「損した気分」「松屋はやめて吉野家に行くか…」との声も。牛丼チェーンが導入し始めた「深夜料金」に不満の声が続出する“本質的な理由”
実は、同じような属性の男性を表す言葉は世界各国にあるが、日本ではそれに「牛丼」の名前が冠されているのだ。例えば、韓国語では「淘汰男」というらしい。こうした単語に牛丼屋で扱われるメニューが登場するぐらい、日本人にとって牛丼屋が浸透しているのだ。 水道や電気が通っていることを意識しないのと同じように、私たちは知らず知らずのうちに24時間やっている牛丼屋を「ふつう」のものとして捉えている。 しかし、当然のことだが、社会が移り変わるとともに、24時間営業の弊害も出てくる。すき家で話題になった「ワンオペ」の弊害など、その歪みが徐々に明るみに出てきたのだ。

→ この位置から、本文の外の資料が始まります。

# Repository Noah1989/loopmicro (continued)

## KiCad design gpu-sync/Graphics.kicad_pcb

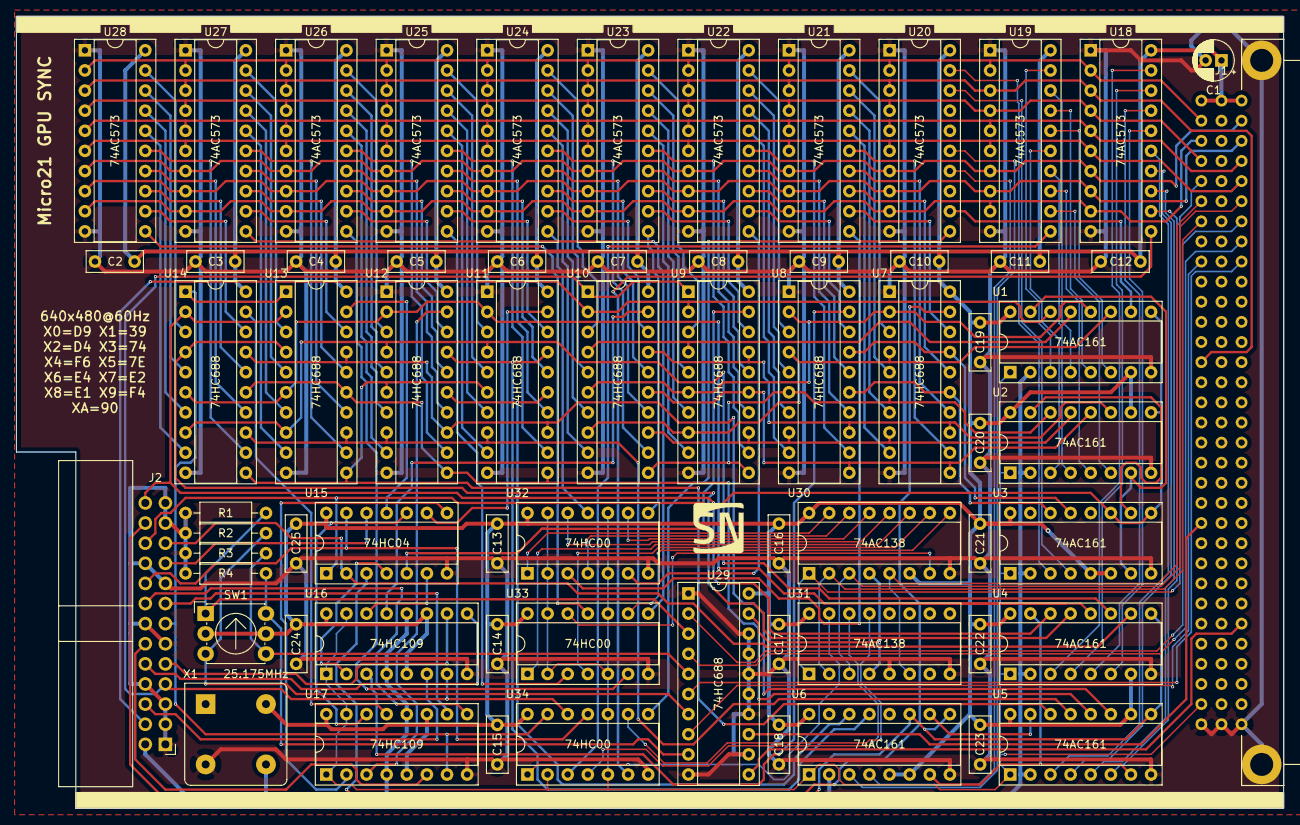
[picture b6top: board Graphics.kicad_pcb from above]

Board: 2 copper layers, 160.0 x 100.0 mm, 67 parts (0 on the bottom side), 183 nets.

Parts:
C1: CP_Small; CP_Radial_D5.0mm_P2.00mm
C2, C3, C4, C5, C6, C7, C8, C9, C10, C11, C12, C13, C14, C15, C16, C17, C18, C19, C20, C21, C22, C23, C24, C25: C_Small; C_Disc_D7.0mm_W2.5mm_P5.00mm
J1: C96ABC; Socket_DIN41612-CaseC1-full-Male-96Pin-3rows
J2: Conn_01x26_Male; IDC-Header_2x13_P2.54mm_Horizontal
R1, R2, R3, R4: 100k; R_Axial_DIN0207_L6.3mm_D2.5mm_P10.16mm_Horizontal
SW1: SW_Coded_SH-7050; Nidec_Copal_SH-7010C
U1, U2, U3, U4, U5, U6: 74AC161; DIP-16_W7.62mm_Socket
U7, U8, U9, U10, U11, U12, U13, U14, U29: 74HC688; DIP-20_W7.62mm_Socket
U15: 74HC04; DIP-14_W7.62mm_Socket
U16, U17: 74HC109; DIP-16_W7.62mm_Socket
U18, U19, U20, U21, U22, U23, U24, U25, U26, U27, U28: 74AC573; DIP-20_W7.62mm_Socket
U30, U31: 74AC138; DIP-16_W7.62mm_Socket
U32, U33, U34: 74HC00; DIP-14_W7.62mm_Socket
X1: 25.175MHz; Oscillator_DIP-8_LargePads

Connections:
/BLANK: J2.18, U15.13, U34.11
/Column Counter/CE: U1.10, U20.12
/Column Counter/D0: U1.3, U19.19
/Column Counter/D1: U1.4, U19.18
/Column Counter/D2: U1.5, U19.17
/Column Counter/D3: U1.6, U19.16
/Column Counter/D4: U2.3, U19.15
/Column Counter/D5: U2.4, U19.14
/Column Counter/D6: U2.5, U19.13
/Column Counter/D7: U2.6, U19.12
/Column Counter/D8: U3.3, U20.19
/Column Counter/D9: U3.4, U20.18
/HBLANK: J2.6, U16.6
/HBLANK Generator/P0: U1.12, U7.2, U8.2, U9.6, U10.6
/HBLANK Generator/P1: U1.11, U7.4, U8.4, U9.8, U10.8
/HBLANK Generator/P2: U2.14, U7.6, U8.6, U9.11, U10.11
/HBLANK Generator/P3: U2.13, U7.8, U8.8, U9.13, U10.13
/HBLANK Generator/P4: U2.12, U7.11, U8.11, U9.15, U10.15
/HBLANK Generator/P5: U2.11, U7.13, U8.13, U9.17, U10.17
/HBLANK Generator/P6: U3.14, U7.15, U8.15
/HBLANK Generator/P7: U3.13, U7.17, U8.17
/HSYNC: J2.9, U16.10
/HSYNC Generator/P0: J2.4, U1.14, U9.2, U10.2
/HSYNC Generator/P1: U1.13, U9.4, U10.4
/PCLK: J2.2, U1.2, U2.2, U3.2, U4.2, U5.2, U6.2, U16.4, U16.12, U17.4, U17.12, X1.5
/Row Counter/D0: U4.3, U18.19
/Row Counter/D1: U4.4, U18.18
/Row Counter/D2: U4.5, U18.17
/Row Counter/D3: U4.6, U18.16
/Row Counter/D4: U5.3, U18.15
/Row Counter/D5: U5.4, U18.14
/Row Counter/D6: U5.5, U18.13
/Row Counter/D7: U5.6, U18.12
/Row Counter/D8: U6.3, U20.15
/Row Counter/D9: U6.4, U20.14
/TCC: J2.21, U4.10, U15.2
/VBLANK: J2.12, U17.6
/VBLANK Generator/P0: U4.12, U11.2, U12.2, U13.6, U14.6
/VBLANK Generator/P1: U4.11, U11.4, U12.4, U13.8, U14.8
/VBLANK Generator/P2: U5.14, U11.6, U12.6, U13.11, U14.11
/VBLANK Generator/P3: U5.13, U11.8, U12.8, U13.13, U14.13
/VBLANK Generator/P4: U5.12, U11.11, U12.11, U13.15, U14.15
/VBLANK Generator/P5: U5.11, U11.13, U12.13, U13.17, U14.17
/VBLANK Generator/P6: U6.14, U11.15, U12.15
/VBLANK Generator/P7: U6.13, U11.17, U12.17
/VSYNC: J2.15, U17.10
/VSYNC Generator/P0: J2.26, U4.14, U13.2, U14.2
/VSYNC Generator/P1: U4.13, U13.4, U14.4
/~BLANK: J2.19, U15.12
/~HBLANK: J2.7, U9.1, U10.1, U16.7, U34.12
/~HSYNC: J2.10, U16.9
/~TCC: J2.22, U1.9, U2.9, U3.9, U3.11, U15.1
/~TCR: J2.24, U4.9, U5.9, U6.9, U6.11
/~VBLANK: J2.13, U13.1, U14.1, U17.7, U34.13
/~VSYNC: J2.16, U17.9
A0: J1.C5, U30.1, U31.1
A1: J1.C7, U30.2, U31.2
A2: J1.A6, U30.3, U31.3
A3: J1.C6, U30.5, U31.6
A4: J1.A7, U29.2
A5: J1.A8, U29.4
A6: J1.A9, U29.6
A7: J1.C9, U29.8
D0: J1.C2, U18.2, U19.2, U20.2, U21.2, U22.2, U23.2, U24.2, U25.2, U26.2, U27.2, U28.2
D1: J1.C14, U18.3, U19.3, U20.3, U21.3, U22.3, U23.3, U24.3, U25.3, U26.3, U27.3, U28.3
D2: J1.C4, U18.4, U19.4, U20.4, U21.4, U22.4, U23.4, U24.4, U25.4, U26.4, U27.4, U28.4
D3: J1.A4, U18.5, U19.5, U20.5, U21.5, U22.5, U23.5, U24.5, U25.5, U26.5, U27.5, U28.5
D4: J1.A5, U18.6, U19.6, U20.6, U21.6, U22.6, U23.6, U24.6, U25.6, U26.6, U27.6, U28.6
D5: J1.A2, U18.7, U19.7, U20.7, U21.7, U22.7, U23.7, U24.7, U25.7, U26.7, U27.7, U28.7
D6: J1.A3, U18.8, U19.8, U20.8, U21.8, U22.8, U23.8, U24.8, U25.8, U26.8, U27.8, U28.8
D7: J1.C3, U18.9, U19.9, U20.9, U21.9, U22.9, U23.9, U24.9, U25.9, U26.9, U27.9, U28.9
GND: C1.2, C2.1, C3.1, C4.1, C5.1, C6.1, C7.1, C8.1, C9.1, C10.1, C11.1, C12.1, C13.1, C14.1, C15.1, C16.1, C17.1, C18.1, C19.1, C20.1, C21.1, C22.1, C23.1, C24.1, C25.1, J1.A32, J1.B32, J1.C32, J2.1, J2.3, J2.5, J2.8, J2.11, J2.14, J2.17, J2.20, J2.23, J2.25, R1.2, R2.2, R3.2, R4.2, U1.8, U2.8, U3.8, U4.8, U5.8, U6.8, U7.1, U7.10, U8.1, U8.10, U9.10, U10.10, U11.1, U11.10, U12.1, U12.10, U13.10, U14.10, U15.7, U16.8, U17.8, U18.1, U18.10, U19.1, U19.10, U20.1, U20.10, U21.1, U21.10, U22.1, U22.10, U23.1, U23.10, U24.1, U24.10, U25.1, U25.10, U26.1, U26.10, U27.1, U27.10, U28.1, U28.10, U29.1, U29.10, U29.12, U29.14, U29.15, U29.16, U29.17, U29.18, U30.8, U31.5, U31.8, U32.7, U33.7, U34.7, X1.4
unnamed: R1.1, SW1.1, U29.3
unnamed: R2.1, SW1.4, U29.7
unnamed: R3.1, SW1.2, U29.5
unnamed: R4.1, SW1.8, U29.9
unnamed: U1.15, U2.7, U3.7
unnamed: U2.15, U3.10
unnamed: U4.15, U5.7, U6.7
unnamed: U5.15, U6.10
unnamed: U10.3, U24.19
unnamed: U10.5, U24.18
unnamed: U10.7, U24.17
unnamed: U10.9, U24.16
unnamed: U10.12, U24.15
unnamed: U10.14, U24.14
unnamed: U10.16, U24.13
unnamed: U10.18, U24.12
unnamed: U10.19, U16.13
unnamed: U11.3, U25.19
unnamed: U11.5, U25.18
unnamed: U11.7, U25.17
unnamed: U11.9, U25.16
unnamed: U11.12, U25.15
unnamed: U11.14, U25.14
unnamed: U11.16, U25.13
unnamed: U11.18, U25.12
unnamed: U11.19, U15.9
unnamed: U12.3, U26.19
unnamed: U12.5, U26.18
unnamed: U12.7, U26.17
unnamed: U12.9, U26.16
unnamed: U12.12, U26.15
unnamed: U12.14, U26.14
unnamed: U12.16, U26.13
unnamed: U12.18, U26.12
unnamed: U12.19, U17.3
unnamed: U13.3, U27.19
unnamed: U13.5, U27.18
unnamed: U13.7, U27.17
unnamed: U13.9, U27.16
unnamed: U13.12, U27.15
unnamed: U13.14, U27.14
unnamed: U13.16, U27.13
unnamed: U13.18, U27.12
unnamed: U13.19, U15.11
unnamed: U14.3, U28.19
unnamed: U14.5, U28.18
unnamed: U14.7, U28.17
unnamed: U14.9, U28.16
unnamed: U14.12, U28.15
unnamed: U14.14, U28.14
unnamed: U14.16, U28.13
unnamed: U14.18, U28.12
unnamed: U14.19, U17.13
unnamed: U7.19, U15.3
unnamed: U15.4, U16.2
unnamed: U9.19, U15.5
unnamed: U15.6, U16.14
unnamed: U15.8, U17.2
unnamed: U15.10, U17.14
unnamed: U8.19, U16.3
unnamed: U18.11, U34.6
unnamed: U19.11, U34.3
unnamed: U20.11, U34.8
unnamed: U21.11, U32.3
unnamed: U7.18, U21.12
unnamed: U7.16, U21.13
unnamed: U7.14, U21.14
unnamed: U7.12, U21.15
unnamed: U7.9, U21.16
unnamed: U7.7, U21.17
unnamed: U7.5, U21.18
unnamed: U7.3, U21.19
unnamed: U22.11, U32.6
unnamed: U8.18, U22.12
unnamed: U8.16, U22.13
unnamed: U8.14, U22.14
unnamed: U8.12, U22.15
unnamed: U8.9, U22.16
unnamed: U8.7, U22.17
unnamed: U8.5, U22.18
unnamed: U8.3, U22.19
unnamed: U23.11, U32.8
unnamed: U9.18, U23.12
unnamed: U9.16, U23.13
unnamed: U9.14, U23.14
unnamed: U9.12, U23.15
unnamed: U9.9, U23.16
unnamed: U9.7, U23.17
unnamed: U9.5, U23.18
unnamed: U9.3, U23.19
unnamed: U24.11, U32.11
unnamed: U25.11, U33.3
unnamed: U26.11, U33.6
unnamed: U27.11, U33.8
unnamed: U28.11, U33.11
unnamed: U29.19, U30.4, U31.4
VCC: C1.1, C2.2, C3.2, C4.2, C5.2, C6.2, C7.2, C8.2, C9.2, C10.2, C11.2, C12.2, C13.2, C14.2, C15.2, C16.2, C17.2, C18.2, C19.2, C20.2, C21.2, C22.2, C23.2, C24.2, C25.2, J1.A1, J1.B1, J1.C1, SW1.C, U1.7, U1.16, U2.10, U2.16, U3.5, U3.6, U3.16, U4.7, U4.16, U5.10, U5.16, U6.5, U6.6, U6.16, U7.20, U8.20, U9.20, U10.20, U11.20, U12.20, U13.20, U14.20, U15.14, U16.5, U16.11, U16.16, U17.5, U17.11, U17.16, U18.20, U19.20, U20.20, U21.20, U22.20, U23.20, U24.20, U25.20, U26.20, U27.20, U28.20, U29.20, U30.6, U30.16, U31.16, U32.14, U33.14, U34.14, X1.8
~CS0: U30.15, U32.1
~CS1: U30.14, U32.4
~CS2: U30.13, U32.9
~CS3: U30.12, U32.12
~CS4: U30.11, U33.1
~CS5: U30.10, U33.4
~CS6: U30.9, U33.9
~CS7: U30.7, U33.12
~CS8: U31.15, U34.1
~CS9: U31.14, U34.4
~CS10: U31.13, U34.9
~IORQ: J1.A27, U29.11
~RESET: J1.C31, U1.1, U2.1, U3.1, U4.1, U5.1, U6.1, U16.1, U16.15, U17.1, U17.15, U32.2, U32.5, U32.10, U32.13, U33.2, U33.5, U33.10, U33.13, U34.2, U34.5, U34.10
~WR: J1.C22, U29.13

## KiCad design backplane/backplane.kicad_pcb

というより、そもそも深夜営業が前提になっている状況に無理があったともいえるかもしれない。 深夜料金の設定もそうだが、こうした状況に対応して各社がいろいろな戦略を取っているのが現在の状況だ。 「ディストピア容器」として有名になったすき家のプラスチック容器は、従業員の人々の皿洗いの手間を省くために導入されたもので、各社こうした「インフラ」を持続していくためにさまざまな施策を行っている。 ■牛丼屋24時間営業はいつまで続くのか?
あまりにも私たちは牛丼屋が24時間やっていることに慣れすぎてしまって、それが少しでも変化しようものなら戸惑ってしまうのだ。それが、前述したようなSNSの声に表れている。 同じレストラン業態で24時間営業をしている場所といえば、ファミリーレストランだが、こちらも「24時間営業」は普通のものではなくなっている。 2020年にはファミリーレストラン大手のすかいらーくグループが24時間営業を全廃した。2023年には一部店舗で再開されたものの、全体的な流れとして、24時間営業がなくなっていくのは確かな流れである。
牛丼屋も、現在では「インフラ」を維持する方向で対策が取られているが、24時間営業でなくなるのも時間の問題なのかもしれない。 それがいつになるか、まだわからないが、ひとまず24時間営業を続けてくれている各社に感謝しながら牛丼にありつきたいものだと思うのだった。